Ainda que Pelé pense que não, ele é, de uma só vez, vítima e algoz do racismo. Sua cumplicidade, e, em especial a sua cumplicidade com todo o poder simbólico que o personagem Pelé carrega no Brasil e no mundo, é, a um só tempo, o primeiro efeito do racismo, que se quer fazer aceitável e opaco se naturalizando no consentimento denegador dos próprios oprimidos acerca da opressão e violência que sofrem; e, também, por outro lado, um poderoso efeito de reforço e legitimação institucional do racismo na cultura e sociedade brasileira, pois, afinal, temos nada mais nada menos do que o negro Pelé negando ou atenuando a violência racista que parte da sociedade afirma ser vítima.

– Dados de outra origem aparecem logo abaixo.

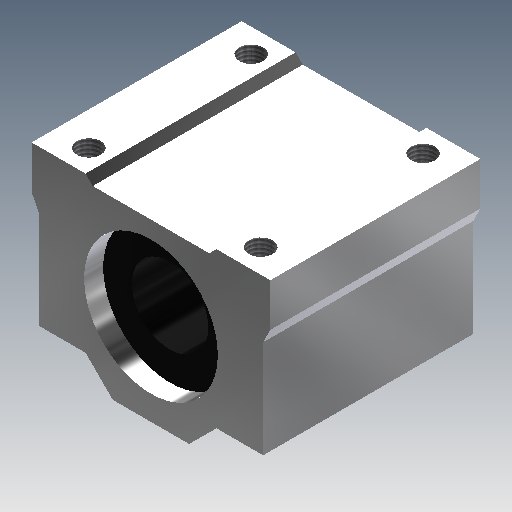
# Autodesk Inventor part: SC16
Saved by Autodesk Inventor 2017 (Build 210142000, 142)
## iProperties
Company: Selvox Ltd.
Created: 2016-03-15
Part Number: SC16
Material: Алюминий 6061
Document SubType Name: Modeling
Designer: Stan Khalipa
Density: 2.7 g/cm^3
Appearance: Алюминий — плоский
Catalog Web Link: http://purelogic.ru
Vendor: Purelogic R&D
Description: Модуль с подшипником серии SC 16мм
Mass: 158.309 g
Surface Area: 140.273 cm^2
Volume: 58.6331 cm^3
Author: Stan Khalipa
Autodesk Inventor part; units mm, degrees
ref_plane "YZ Plane" through (0, 0, 0) normal (1, 0, 0) x (0, 1, 0)
ref_plane "XZ Plane" through (0, 0, 0) normal (0, 1, 0) x (-1, 0, 0)
ref_plane "XY Plane" through (0, 0, 0) normal (0, 0, 1) x (1, 0, 0)
sketch "Эскиз1" plane through (0, 0, 0) normal (0, 0, 1) x (1, 0, 0)
  line L0 (8, -19.1) -> (-8, -19.1)
  line L1 (-23.5, 7.1) -> (-23.5, -13.4)
  line L2 (23.5, 7.1) -> (23.5, -13.4)
  circle A0 centre (0, 0) radius 8
  line L3 (8, -19.1) -> (13.7, -13.4)
  line L4 (-8, -19.1) -> (-13.7, -13.4)
  line L5 (-25, 10.1) -> (-23.5, 7.1)
  line L6 (25, 10.1) -> (23.5, 7.1)
  line L7 (-12.2, 17.6) -> (12.2, 17.6)
  line L8 (-13.7, 19.1) -> (-12.2, 17.6)
  line L9 (13.7, 19.1) -> (12.2, 17.6)
  line L10 (-25, 10.1) -> (-25, 19.1)
  line L11 (25, 19.1) -> (25, 10.1)
  line L12 (-23.5, -13.4) -> (-13.7, -13.4)
  line L13 (13.7, -13.4) -> (23.5, -13.4)
  line L14 (-25, 19.1) -> (-13.7, 19.1)
  line L15 (13.7, 19.1) -> (25, 19.1)
  dimension "d14" = 16
  dimension "d15" = 38.2
  dimension "d16" = 50
  dimension "d17" = 47
  dimension "d18" = 32.5
  dimension "d19" = 2.1213
  dimension "d20" = 135
  dimension "d21" = 24.4
  dimension "d22" = 16
  dimension "d23" = 135
  dimension "d24" = 9.8
  dimension "d25" = 20.5
  dimension "d26" = 9
  dimension "d27" = 9
  dimension "d28" = 11.3
  dimension "d29" = 23.5
  dimension "d30" = 17.6
  dimension "d31" = 3
  constraints: 32 end point, 8 horizontal alignment, 7 perpendicular, 6 vertical alignment, 3 parallel, 2 horizontal, 1 centre point, 1 coincident
  measures "d14" diameter of A0
  measures "d15" distance between parallel lines of L0 L14
  measures "d16" distance between parallel lines of L11 L10
  measures "d17" distance between parallel lines of L2 L1
  measures "d18" distance between parallel lines of L13 L15
  measures "d19" distance of L8.start L7.start
  measures "d20" angle of L8 L14
  measures "d21" distance of L7.start L7.end
  measures "d22" distance of L0.start L0.end
  measures "d23" angle of L13 L3
  measures "d24" distance of L4.end L1.end
  measures "d25" distance of L1.end L1.start
  measures "d26" distance of L5.start L10.end
  measures "d27" distance of L6.start L11.start
  measures "d28" distance of L11.start L9.start
  measures "d29" distance from line of L1 point (0, 0)
  measures "d30" distance from line of point (0, 0) L7
  measures "d31" vertical distance of L2.start L6.start
extrude "Выдавливание1" add sketch "Эскиз1" along normal mid plane 44
sketch "Эскиз2" plane through (-25, 19.1, 22) normal (0, 1, 0) x (1, 0, 0)
  circle A0 centre (7, 39) radius 2.5
  circle A1 centre (7, 5) radius 2.5
  circle A2 centre (43, 39) radius 2.5
  circle A3 centre (43, 5) radius 2.5
  line L0 (0, 0) -> (0, 44) projected
  line L1 (0, 44) -> (11.3, 44) projected
  point P0 (25, 22)
  dimension "d34" = 5
  dimension "d39" = 5
  dimension "d40" = 5
  dimension "d41" = 5
  dimension "d42" = 36
  dimension "d43" = 34
  dimension "d44" = 7
  dimension "d45" = 5
  constraints: 4 centre point, 2 horizontal alignment, 2 vertical alignment
  measures "d34" diameter of A0
  measures "d39" diameter of A1
  measures "d40" diameter of A2
  measures "d41" diameter of A3
  measures "d42" distance of A3.centre A1.centre
  measures "d43" distance of A1.centre A0.centre
  measures "d44" distance from line of A0.centre L0
  measures "d45" distance from line of L1 A0.centre
hole "Отверстие1" at (-18, 19.1, 17) at (-18, 19.1, -17) at (18, 19.1, -17) at (18, 19.1, 17) direction (0, -1, 0) diameter 5 depth 19 tip angle 118
thread "Резьба1" size "M5x0.8" class "6H" standard "ANSI Metric M Profile" full length
thread "Резьба2" size "M5x0.8" class "6H" standard "ANSI Metric M Profile" full length
thread "Резьба3" size "M5x0.8" class "6H" standard "ANSI Metric M Profile" full length
thread "Резьба4" size "M5x0.8" class "6H" standard "ANSI Metric M Profile" full length
sketch "Эскиз3" plane through (0, 0, 22) normal (0, 0, 1) x (1, 0, 0)
  circle A0 centre (0, 0) radius 14
  dimension "d61" = 28
  constraints: 1 centre point, 1 coincident
  measures "d61" diameter of A0
extrude "Выдавливание2" cut sketch "Эскиз3" against normal blind 4
sketch "Эскиз4" plane through (0, 0, -22) normal (0, 0, -1) x (-1, 0, 0)
  circle A0 centre (0, 0) radius 14
  dimension "d64" = 28
  constraints: 1 centre point, 1 coincident
  measures "d64" diameter of A0
extrude "Выдавливание3" cut sketch "Эскиз4" against normal blind 4
sketch "Sketch5" plane through (-25, 19.1, 22) normal (0, 1, 0) x (1, 0, 0)
  point P0 (7, 39)
  point P1 (43, -92)
  point P2 (7, -92)
  point P3 (-62, 39)
  point P4 (-98, 39)
  point P5 (-98, -92)
  point P6 (-98, -58)
  point P7 (-62, -92)
  point P8 (-62, -58)
  point P9 (-98, 5)
  point P10 (-62, 5)
  point P11 (43, 39)
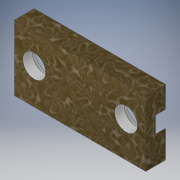
# Autodesk Inventor part: reverse gear bearing keeper
Saved by Autodesk Inventor 2017 (Build 210142000, 142)
## iProperties
Created: 2018-10-30
Part Number: reverse gear bearing keeper
Material: Generic
Document SubType Name: Modeling
Designer: User
Density: 1 g/cm^3
Appearance: Default
Author: User
Autodesk Inventor part; units mm, degrees
ref_plane "YZ Plane" through (0, 0, 0) normal (1, 0, 0) x (0, 1, 0)
ref_plane "XZ Plane" through (0, 0, 0) normal (0, 1, 0) x (-1, 0, 0)
ref_plane "XY Plane" through (0, 0, 0) normal (0, 0, 1) x (1, 0, 0)
sketch "Sketch1" plane through (0, 0, 0) normal (0, 1, 0) x (-1, 0, 0)
  line L0 (0, 0) -> (0, -10)
  line L1 (0, -10) -> (-20, -10)
  line L2 (-20, -10) -> (-20, 0)
  line L3 (-20, 0) -> (0, 0)
  arc A0 (0, -3.3117) -> (0, -5.8117) centre (-3, -4.5617) ccw
  arc A1 (-20, -5.8117) -> (-20, -3.3117) centre (-17, -4.5617) ccw
  line L4 (-10, 0) -> (-10, -10) construction
  circle A2 centre (-3, -4.5617) radius 1.75
  circle A3 centre (-17, -4.5617) radius 1.75
  dimension "d2" = 10
  dimension "d3" = 20
  dimension "d5" = 6.5
  dimension "d8" = 7
  dimension "d9" = 7
  dimension "d11" = 3.5
  dimension "d12" = 3.5
  dimension "d13" = 10
  dimension "d14" = 3.3117
  dimension "d15" = 4.5617
  constraints: 10 end point, 4 centre point, 4 point on circle, 4 point on line, 2 coincident, 2 midpoint, 2 perpendicular, 1 equal radius, 1 parallel, 1 vertical
  measures "d2" distance of L1.end L2.end
  measures "d3" distance of L2.end L0.start
  measures "d5" diameter of A1
  measures "d8" distance from line of L4 A0.centre
  measures "d9" distance from line of L4 A1.centre
  measures "d11" diameter of A2
  measures "d12" diameter of A3
  measures "d13" distance between parallel lines of L0 L4
  measures "d14" distance from line of A0.start L3
  measures "d15" distance from line of A1.centre L3
extrude "Extrusion1" add sketch "Sketch1" along normal blind 1.5 contours L0 A0 | A1 L2
extrude "Extrusion2" add sketch "Sketch1" along normal blind 3 contours L0 A0 L1 L2 A1 L3
body "Solid1"
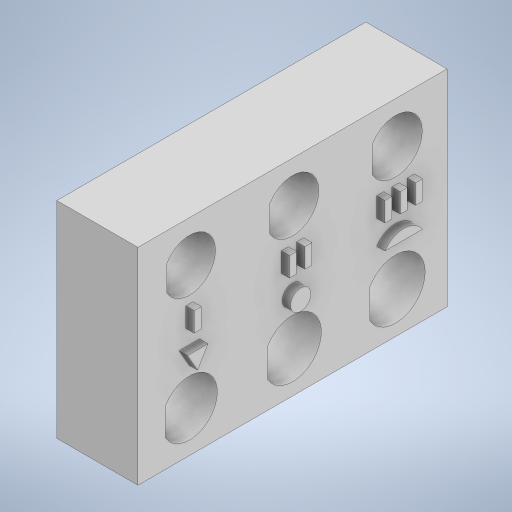
# Autodesk Inventor part: shaft hole tester
Saved by Autodesk Inventor 2023 (Build 270158000, 158)
## iProperties
Created: 2023-02-01
Part Number: shaft hole tester
Material: Generic
Document SubType Name: Modeling
Designer: Steven
Density: 1 g/cm^3
Appearance: Default
Author: Steven
Autodesk Inventor part; units mm, degrees
ref_plane "YZ Plane" through (0, 0, 0) normal (1, 0, 0) x (0, 1, 0)
ref_plane "XZ Plane" through (0, 0, 0) normal (0, 1, 0) x (-1, 0, 0)
ref_plane "XY Plane" through (0, 0, 0) normal (0, 0, 1) x (1, 0, 0)
sketch "Sketch1" plane through (0, 0, 0) normal (1, 0, 0) x (0, 1, 0)
  line L0 (12.7, 19.05) -> (-12.7, 19.05)
  line L1 (-12.7, 19.05) -> (-12.7, -19.05)
  line L2 (-12.7, -19.05) -> (12.7, -19.05)
  line L3 (12.7, -19.05) -> (12.7, 19.05)
  line L4 (12.7, 19.05) -> (-12.7, -19.05) construction
  line L5 (-12.7, 19.05) -> (12.7, -19.05) construction
  arc A0 (6.0166, 15.4771) -> (9.2234, 15.4771) centre (7.62, 12.7) ccw
  line L6 (6.0166, 15.4771) -> (9.2234, 15.4771)
  arc A1 (6.0008, 2.8046) -> (9.2393, 2.8046) centre (7.62, 0) ccw
  line L7 (6.0008, 2.8046) -> (9.2393, 2.8046)
  arc A2 (5.969, -9.8404) -> (9.271, -9.8404) centre (7.62, -12.7) ccw
  line L8 (5.969, -9.8404) -> (9.271, -9.8404)
  arc A3 (-9.3345, 15.6696) -> (-5.9055, 15.6696) centre (-7.62, 12.7) ccw
  line L9 (-9.3345, 15.6696) -> (-5.9055, 15.6696)
  arc A4 (-9.398, 3.0796) -> (-5.842, 3.0796) centre (-7.62, 0) ccw
  line L10 (-9.398, 3.0796) -> (-5.842, 3.0796)
  arc A5 (-9.4456, -9.5379) -> (-5.7944, -9.5379) centre (-7.62, -12.7) ccw
  line L11 (-9.4456, -9.5379) -> (-5.7944, -9.5379)
  line L12 (3.4886, 13.1373) -> (1.0834, 13.1373)
  line L13 (1.0834, 13.1373) -> (1.0834, 12.2627)
  line L14 (1.0834, 12.2627) -> (3.4886, 12.2627)
  line L15 (3.4886, 12.2627) -> (3.4886, 13.1373)
  line L16 (3.4886, 13.1373) -> (1.0834, 12.2627) construction
  line L17 (1.0834, 13.1373) -> (3.4886, 12.2627) construction
  line L18 (12.7, 0) -> (-12.7, 0) construction
  line L19 (3.4886, 1.3826) -> (1.0834, 1.3826)
  line L20 (1.0834, 1.3826) -> (1.0834, 0.508)
  line L21 (1.0834, 0.508) -> (3.4886, 0.508)
  line L22 (3.4886, 0.508) -> (3.4886, 1.3826)
  line L23 (3.4886, 1.3826) -> (1.0834, 0.508) construction
  line L24 (1.0834, 1.3826) -> (3.4886, 0.508) construction
  line L25 (3.4886, -0.508) -> (1.0834, -0.508)
  line L26 (1.0834, -0.508) -> (1.0834, -1.3826)
  line L27 (1.0834, -1.3826) -> (3.4886, -1.3826)
  line L28 (3.4886, -1.3826) -> (3.4886, -0.508)
  line L29 (3.4886, -0.508) -> (1.0834, -1.3826) construction
  line L30 (1.0834, -0.508) -> (3.4886, -1.3826) construction
  line L31 (1.0834, -13.1373) -> (3.4886, -13.1373)
  line L32 (3.4886, -12.2627) -> (1.0834, -12.2627)
  line L33 (1.0834, -12.2627) -> (1.0834, -13.1373)
  line L34 (3.4886, -13.1373) -> (3.4886, -12.2627)
  line L35 (3.4886, -12.2627) -> (1.0834, -13.1373) construction
  line L36 (1.0834, -12.2627) -> (3.4886, -13.1373) construction
  line L37 (1.0834, -15.0279) -> (3.4886, -15.0279)
  line L38 (3.4886, -14.1533) -> (1.0834, -14.1533)
  line L39 (1.0834, -14.1533) -> (1.0834, -15.0279)
  line L40 (3.4886, -15.0279) -> (3.4886, -14.1533)
  line L41 (3.4886, -14.1533) -> (1.0834, -15.0279) construction
  line L42 (1.0834, -14.1533) -> (3.4886, -15.0279) construction
  line L43 (3.4886, -10.3721) -> (1.0834, -10.3721)
  line L44 (1.0834, -10.3721) -> (1.0834, -11.2467)
  line L45 (1.0834, -11.2467) -> (3.4886, -11.2467)
  line L46 (3.4886, -11.2467) -> (3.4886, -10.3721)
  line L47 (3.4886, -10.3721) -> (1.0834, -11.2467) construction
  line L48 (1.0834, -10.3721) -> (3.4886, -11.2467) construction
  line L49 (-0.889, 13.97) -> (-0.889, 11.43)
  line L50 (-0.889, 11.43) -> (-3.0887, 12.7)
  line L51 (-3.0887, 12.7) -> (-0.889, 13.97)
  circle A6 centre (-1.905, 0) radius 1.27
  arc A7 (-1.905, -15.0279) -> (-1.905, -10.3721) centre (-3.4035, -12.7) ccw
  line L52 (-1.905, -10.3721) -> (-1.905, -15.0279)
  point P0 (0, 0)
  point P1 (2.286, 12.7)
  point P2 (0, 19.05)
  point P3 (2.286, 0.9453)
  point P4 (2.286, -0.9453)
  point P5 (2.286, -12.7)
  point P6 (2.286, -14.5906)
  point P7 (2.286, -10.8094)
  point P8 (2.286, -12.2627)
  point P9 (2.286, -11.2467)
  point P10 (-0.889, 12.7)
  point P11 (0, 0)
  dimension "d0" = 6.4135
  dimension "d1" = 3.2067
  dimension "d2" = 6.477
  dimension "d3" = 3.2385
  dimension "d4" = 6.604
  dimension "d5" = 3.302
  dimension "d6" = 6.858
  dimension "d7" = 3.429
  dimension "d8" = 7.112
  dimension "d9" = 3.556
  dimension "d10" = 7.3025
  dimension "d11" = 3.6513
  dimension "d12" = 38.1
  dimension "d13" = 6.35
  dimension "d14" = 6.35
  dimension "d15" = 5.08
  dimension "d16" = 25.4
  dimension "d17" = 5.08
  dimension "d18" = 0.8746
  dimension "d19" = 2.4052
  dimension "d20" = 2.286
  dimension "d21" = 0.8746
  dimension "d22" = 2.4052
  dimension "d23" = 0.8746
  dimension "d24" = 2.4052
  dimension "d25" = 0.508
  dimension "d26" = 0.508
  dimension "d27" = 0.8746
  dimension "d28" = 2.4052
  dimension "d29" = 0.8746
  dimension "d30" = 2.4052
  dimension "d31" = 0.8746
  dimension "d32" = 2.4052
  dimension "d33" = 1.016
  dimension "d35" = 1.016
  dimension "d36" = 2.54
  dimension "d38" = 2.54
  dimension "d39" = 2.54
  dimension "d40" = 0.889
  dimension "d41" = 2.54
  dimension "d42" = 1.905
  dimension "d43" = 4.6558
  dimension "d44" = 2.7685
  dimension "d45" = 5.6895
  dimension "d46" = 6.35
  constraints: 106 end point, 21 midpoint, 14 parallel, 14 point on circle, 13 horizontal, 9 vertical alignment, 8 centre point, 7 perpendicular, 6 horizontal alignment, 3 point on line, 2 vertical
  measures "d0" diameter of A0
  measures "d1" distance of L6.start L6.end
  measures "d2" diameter of A1
  measures "d3" distance of L7.start L7.end
  measures "d4" diameter of A2
  measures "d5" distance of L8.start L8.end
  measures "d6" diameter of A3
  measures "d7" distance of L9.start L9.end
  measures "d8" diameter of A4
  measures "d9" distance of L10.start L10.end
  measures "d10" diameter of A5
  measures "d11" distance of L11.start L11.end
  measures "d12" distance between parallel lines of L2 L0
  measures "d13" distance from line of L0 A0.centre
  measures "d14" distance from line of L2 A2.centre
  measures "d15" distance from line of L3 A2.centre
  measures "d16" distance of L0.start L0.end
  measures "d17" distance from line of L1 A5.centre
  measures "d18" distance of L12.end L13.end
  measures "d19" distance of L13.end L14.end
  measures "d20" horizontal distance of point (0, 19.05) point (2.286, 12.7)
  measures "d21" distance of L19.end L21.start
  measures "d22" distance of L21.start L21.end
  measures "d23" distance of L25.end L27.start
  measures "d24" distance of L27.start L27.end
  measures "d25" distance between parallel lines of L18 L25
  measures "d26" distance between parallel lines of L18 L21
  measures "d27" distance of L33.start L33.end
  measures "d28" distance of L33.end L36.end
  measures "d29" distance of L38.end L39.end
  measures "d30" distance of L39.end L42.end
  measures "d31" distance of L43.end L45.start
  measures "d32" distance of L45.start L45.end
  measures "d33" distance of point (2.286, -12.263) point (2.286, -11.247)
  measures "d35" distance between parallel lines of L31 L38
  measures "d36" distance of L49.start L49.end
  measures "d38" distance of L50.end L49.start
  measures "d39" distance of L49.end L50.end
  measures "d40" horizontal distance of point (0, 19.05) point (-0.889, 12.7)
  measures "d41" diameter of A6
  measures "d42" distance of point (0, 0) A6.centre
  measures "d43" distance of L52.end L52.start
  measures "d44" radius of A7
  measures "d45" distance of point (2.286, -12.7) A7.centre
  measures "d46" distance from line of L2 A7.centre
extrude "Extrusion1" add sketch "Sketch1" along normal blind 10
extrude "Extrusion2" add sketch "Sketch1" along normal blind 11 contours L15 L14 L13 L12 | L22 L21 L20 L19 | L28 L27 L26 L25 | L33 L32 L34 L31 | L39 L38 L40 L37 | L46 L45 L44 L43 | L49 L50 L51 | A6 | L52 A7
equation "\"d38\" = d36"
equation "\"d39\" = d36"
body "Solid1"
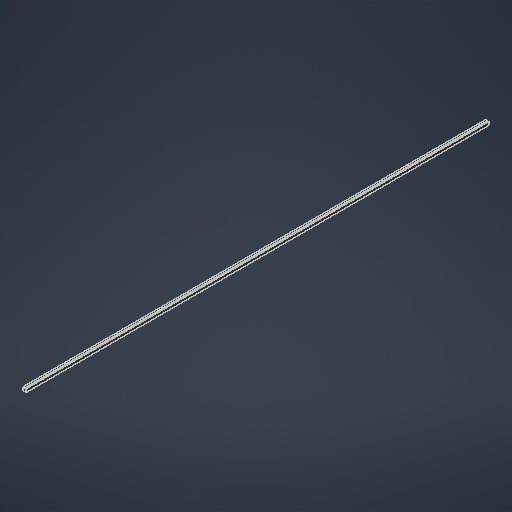
# Autodesk Inventor part: SP40-04A JUNTA INT CRISTAL ZOCALO 602 mm
Saved by Autodesk Inventor 2025 (Build 290162000, 162)
## iProperties
Created: 2026-01-20
Part Number: SP40-04A JUNTA INT CRISTAL ZOCALO 602 mm
Material: Caucho
Document SubType Name: Modeling
Designer: ROLANDO
Density: 0.93 g/cm^3
Appearance: Caucho - Negro
Author: ROLANDO
Autodesk Inventor part; units mm, degrees
ref_plane "YZ Plane" through (0, 0, 0) normal (1, 0, 0) x (0, 1, 0)
ref_plane "XZ Plane" through (0, 0, 0) normal (0, 1, 0) x (-1, 0, 0)
ref_plane "XY Plane" through (0, 0, 0) normal (0, 0, 1) x (1, 0, 0)
sketch "Boceto1" plane through (0, 0, 0) normal (0, 0, 1) x (1, 0, 0)
  line L0 (-0.9609, 42.0664) -> (-3.3609, 42.0664)
  line L1 (-3.3609, 42.0664) -> (-3.3609, 37.2556)
  line L2 (-0.9609, 42.0664) -> (-0.9609, 40.8164)
  line L3 (-0.9609, 40.8164) -> (-0.2551, 40.8164)
  line L4 (-0.2551, 40.8164) -> (0.4391, 41.8264)
  line L5 (-3.3609, 37.2556) -> (0.4391, 37.2556)
  line L6 (0.4391, 37.2556) -> (0.4391, 41.8264)
  constraints: 14 end point, 1 horizontal, 1 perpendicular
extrude "Extrusión1" add sketch "Boceto1" against normal blind 602
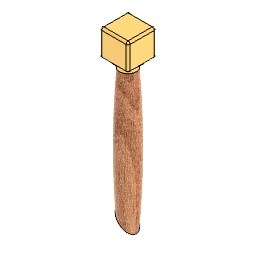
model (Autodesk Fusion 360 design; units mm, degrees)
Autodesk Fusion 360 part; units mm, degrees
sketch "profile" plane through (0, 0, 0) normal (0, 1, 0) x (1, 0, 0)
  line L0 (0, 0) -> (0, 205)
  line L1 (0, 205) -> (12, 205)
  arc A0 (12.2, 0) -> (12, 205) centre (-1332.9051, 101.1878) ccw
  line L2 (0, 0) -> (4.0684, 0)
  line L3 (4.0684, 0) -> (12.2, 0)
  arc A1 (12.2, 0) -> (20.7, -13) centre (24.9269, -0.9574) ccw
  line L4 (20.7, -13) -> (20.7, -50.7)
  line L5 (20.7, -50.7) -> (0, -50.7)
  line L6 (0, -50.7) -> (0, 0)
  line L7 (12, 205) -> (-48, 145)
  line L8 (-48, 145) -> (-48, 205)
  line L9 (-48, 205) -> (12, 205)
  point P0 (16, 102.5038)
  dimension "d1" = 12.2
  dimension "d2" = 12
  dimension "d3" = 205
  dimension "d4" = 16
  dimension "d5" = 20.7
  dimension "d6" = 37.7
  dimension "d7" = 13
  dimension "d10" = 45
  dimension "d11" = 60
  constraint coincident L0.start L2.start
  constraint vertical L0
  constraint horizontal L1
  constraint perpendicular L0 L2
  constraint horizontal L3
  constraint vertical L4
  constraint horizontal L5
  constraint vertical L6
  constraint midpoint A0 P0
  constraint tangent A0 A1
  constraint vertical L8
  constraint horizontal L9
  measures "d1" distance of L0.start A0.start
  measures "d2" distance of L0.end L1.end
  measures "d3" distance of L0.start L0.end
  measures "d4" distance of L0 P0
  measures "d5" distance of L4.end L5.end
  measures "d6" distance of A1.end L4.end
  measures "d7" vertical distance of A0.start A1.end
  measures "d10" angle of L7 L9
  measures "d11" distance of L7.end L8.end
revolve "Revolve1" add sketch "profile" angle 360 about axis through (0, 0, 1.75) along (0, 0, 1) contours L0 A0 L2 L3 L7 | L0 L1 L7 L9 makes body 1
revolve "Revolve2" add sketch "profile" angle 360 about axis through (0, 0, 1.75) along (0, 0, 1) separate body contours L2 L3 A1 L4 L5 L6 makes body 2
extrude "Extrude1" cut sketch "profile" along normal mid plane 160 contours L0 L7 L8 L9 | L0 L1 L7 L9 bodies 1
sketch "top" plane through (0, 0, 50.7) normal (0, 0, 1) x (-1, 0, 0)
  circle A0 centre (0, 0) radius 20.7
  line L0 (-20.7, 20.7) -> (20.7, 20.7)
  line L1 (20.7, 20.7) -> (20.7, -20.7)
  line L2 (20.7, -20.7) -> (-20.7, -20.7)
  line L3 (-20.7, -20.7) -> (-20.7, 20.7)
  line L4 (-20.7, 20.7) -> (20.7, -20.7) construction
  line L5 (20.7, 20.7) -> (-20.7, -20.7) construction
  constraint horizontal L0
  constraint perpendicular L0 L1
  constraint parallel L0 L2
  constraint parallel L1 L3
  constraint coincident L4 A0.centre
  constraint coincident L5 A0.centre
  constraint coincident A0.centre origin
  constraint tangent A0 L2
  constraint tangent A0 L3
extrude "Extrude2" add sketch "top" against normal blind 37.7 bodies 2
fillet "Fillet1" radius 3 4 edges at (-20.7, -20.7, 31.85) (20.7, -20.7, 31.85) (-20.7, 20.7, 31.85) (20.7, 20.7, 31.85) 1 faces at (-6.9, 6.9, 50.7) on bodies 2
fillet "Fillet1" radius 1 4 faces at (-16.6332, -16.6332, 13) (-16.6332, 16.6332, 13) (16.6332, 16.6332, 13) (16.6332, -16.6332, 13) on bodies 2
equation "d1 = ( 24.4 / 2 ) * 1 mm"
equation "d4 = ( 32 / 2 ) * 1 mm"
equation "d5 = ( 41.4 / 2 ) * 1 mm"
equation "d14 = -d6"

Nesse sentido, criticar duramente as opiniões e intervenções de Pelé significa combater o racismo onde ele é mais poderoso e imperceptível, ou seja, em seus mecanismos simbólicos de aceitação e naturalização. Compreender o racismo como exercício de violência simbólica, isto é, como relação de poder e representação social que tenta se “invisibilizar” e se impor como “natural” para produzir a cumplicidade dos próprios dominados, exige que não se deixe passar despercebidas as instituições e os agentes sobre os quais se apoiam a invisibilização e legitimação do racismo.

Pelé banaliza o racismo. E, com tal atitude, quer seja com o seu silêncio ou com as suas opiniões despropositadas, ele contribui  tácita mas decisivamente para justificar as já fortes e enraizadas tendências denegadoras e suavizadoras do racismo no Brasil. A banalização do racismo é um dos principais mecanismos que o tornam atuante em todos os níveis de sociabilidade. Portanto, por mais banal que possam parecer, as opiniões de Pelé devem ser incansavelmente combatidas e reprovadas; publicamente, alias, pois não podemos aceitar a banalização de algo que possui profundas e duras repercussões passadas e presentes, como o racismo.

Alyson Freire

Sociólogo e Professor de Sociologia do Instituto Federal de Educação, Ciência e Tecnologia (IFRN).